Roberti first met Kennedy at an event when he was working for James Carville in 2005. They reconnected after a lecture Kennedy gave at Yale about two years ago amid launching his organization, One Mind for Research, which strives for collaborative research about cures for "diseases of the brain," as well as improved public policies and equality for people with mental illnesses.

Kennedy, who is a recovering alcoholic and has suffered from depression, has experienced the struggle firsthand for patients with mental illnesses to receive the same health insurance coverage as someone who is physically ill. He said he is appreciative of how Roberti understands that "you can't exclude the brain" in health care. Kennedy helped pass the Mental Health Parity and Addiction Equity Act of 2008. Since leaving Congress in 2010, Kennedy said he has remained sober.

Roberti, a Loyola University New Orleans graduate, witnessed neglect toward Americans with mental illness when he was a member of the Jesuit Volunteer Corps in Washington state in 2004 and 2005. Some of the first soldiers to return from serving in Iraq and Afghanistan came to the homeless shelter he volunteered at to see a mental health counselor and to seek help when the government wasn't able to give it to them, he said. Others were impoverished.
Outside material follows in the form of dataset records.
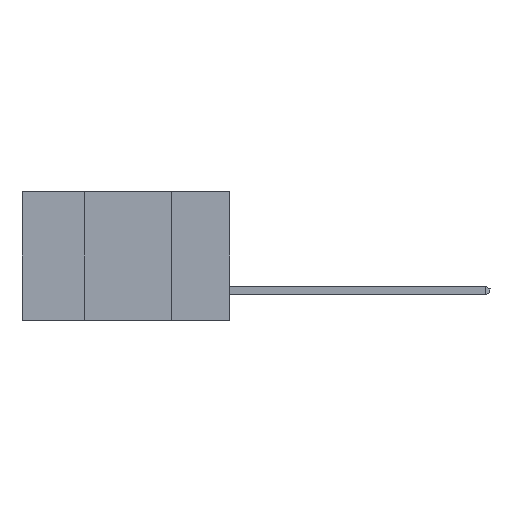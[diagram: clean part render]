
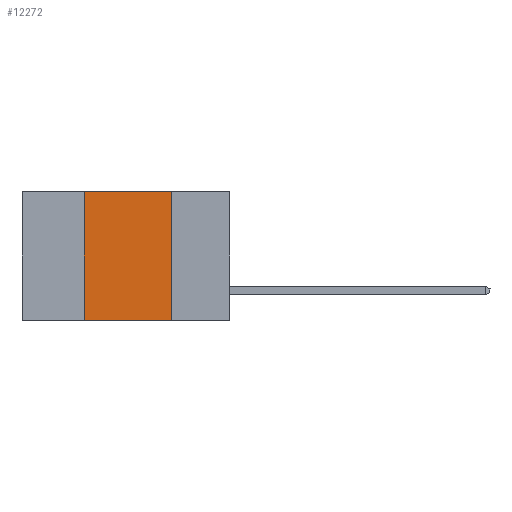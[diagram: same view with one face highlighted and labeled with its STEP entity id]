
A CAD part, left-side view. The second image highlights one B-rep face of the part: STEP entity #12272.
In plain terms, the highlighted planar face has unit normal (-1, 0, 0).
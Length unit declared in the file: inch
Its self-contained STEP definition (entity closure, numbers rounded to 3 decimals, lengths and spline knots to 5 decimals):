
#367 = LINE ( 'NONE', #4771, #6589 ) ;
#959 = AXIS2_PLACEMENT_3D ( 'NONE', #13204, #9972, #13270 ) ;
#1032 = CARTESIAN_POINT ( 'NONE',  ( 0., 0.17, -0.37 ) ) ;
#1725 = EDGE_CURVE ( 'NONE', #8528, #6169, #367, .T. ) ;
#1871 = ORIENTED_EDGE ( 'NONE', *, *, #4849, .F. ) ;
#1995 = VERTEX_POINT ( 'NONE', #4664 ) ;
#4277 = LINE ( 'NONE', #6379, #8785 ) ;
#4664 = CARTESIAN_POINT ( 'NONE',  ( 0., 0.42, 0. ) ) ;
#4771 = CARTESIAN_POINT ( 'NONE',  ( 0., 0.6, -0.37 ) ) ;
#4849 = EDGE_CURVE ( 'NONE', #6142, #6169, #4277, .T. ) ;
#6104 = DIRECTION ( 'NONE',  ( 0., 0., 1. ) ) ;
#6132 = EDGE_CURVE ( 'NONE', #8528, #1995, #12672, .T. ) ;
#6142 = VERTEX_POINT ( 'NONE', #11511 ) ;
#6169 = VERTEX_POINT ( 'NONE', #1032 ) ;
#6379 = CARTESIAN_POINT ( 'NONE',  ( 0., 0.17, -0.37 ) ) ;
#6589 = VECTOR ( 'NONE', #9176, 39.37008 ) ;
#6637 = PLANE ( 'NONE',  #959 ) ;
#7153 = ORIENTED_EDGE ( 'NONE', *, *, #1725, .T. ) ;
#8129 = EDGE_LOOP ( 'NONE', ( #1871, #13984, #9320, #7153 ) ) ;
#8208 = DIRECTION ( 'NONE',  ( 0., -1., 0. ) ) ;
#8528 = VERTEX_POINT ( 'NONE', #11121 ) ;
#8785 = VECTOR ( 'NONE', #12082, 39.37008 ) ;
#9109 = VECTOR ( 'NONE', #6104, 39.37008 ) ;
#9176 = DIRECTION ( 'NONE',  ( 0., -1., 0. ) ) ;
#9290 = CARTESIAN_POINT ( 'NONE',  ( 0., 0.6, 0. ) ) ;
#9320 = ORIENTED_EDGE ( 'NONE', *, *, #6132, .F. ) ;
#9640 = CARTESIAN_POINT ( 'NONE',  ( 0., 0.42, -0.37 ) ) ;
#9899 = FACE_OUTER_BOUND ( 'NONE', #8129, .T. ) ;
#9972 = DIRECTION ( 'NONE',  ( 1., 0., 0. ) ) ;
#10182 = VECTOR ( 'NONE', #8208, 39.37008 ) ;
#11121 = CARTESIAN_POINT ( 'NONE',  ( 0., 0.42, -0.37 ) ) ;
#11510 = EDGE_CURVE ( 'NONE', #1995, #6142, #12324, .T. ) ;
#11511 = CARTESIAN_POINT ( 'NONE',  ( 0., 0.17, 0. ) ) ;
#12082 = DIRECTION ( 'NONE',  ( 0., 0., -1. ) ) ;
#12272 = ADVANCED_FACE ( 'NONE', ( #9899 ), #6637, .F. ) ;
#12324 = LINE ( 'NONE', #9290, #10182 ) ;
#12672 = LINE ( 'NONE', #9640, #9109 ) ;
#13204 = CARTESIAN_POINT ( 'NONE',  ( 0., 0.6, 0. ) ) ;
#13270 = DIRECTION ( 'NONE',  ( 0., 0., -1. ) ) ;
#13984 = ORIENTED_EDGE ( 'NONE', *, *, #11510, .F. ) ;

"That was heartbreaking to see our heroes coming to a shelter for help," Roberti said.

He also remembers Dec. 17, 2006 when his mother, Kathleen Lenihan, 60, called him and was incoherent. What initially seemed like a stroke turned out to be a brain tumor. She is still battling the cancer today and her family is supporting her in the healing process.

As someone in support of bipartisanship, Roberti described Kennedy's One Mind for Research initiative as an attempt to "address issues of the mind" while working together.

One issue that has polarized the Democratic and Republican parties is health care. Roberti and Kennedy both said they were pleased that the U.S. Supreme Court upheld President Barack Obama's health care plan as constitutional. Kennedy said that it supported a notion the executive and legislative branches already voiced – that "health care should be a right, not a privilege."

"I'm very excited we're approaching a new day where we take care of everyone up front," Kennedy said.

Roberti identified health care as something that politicians need to work to improve.

"When we work together, we can solve problems," he said, echoing his campaign mantra.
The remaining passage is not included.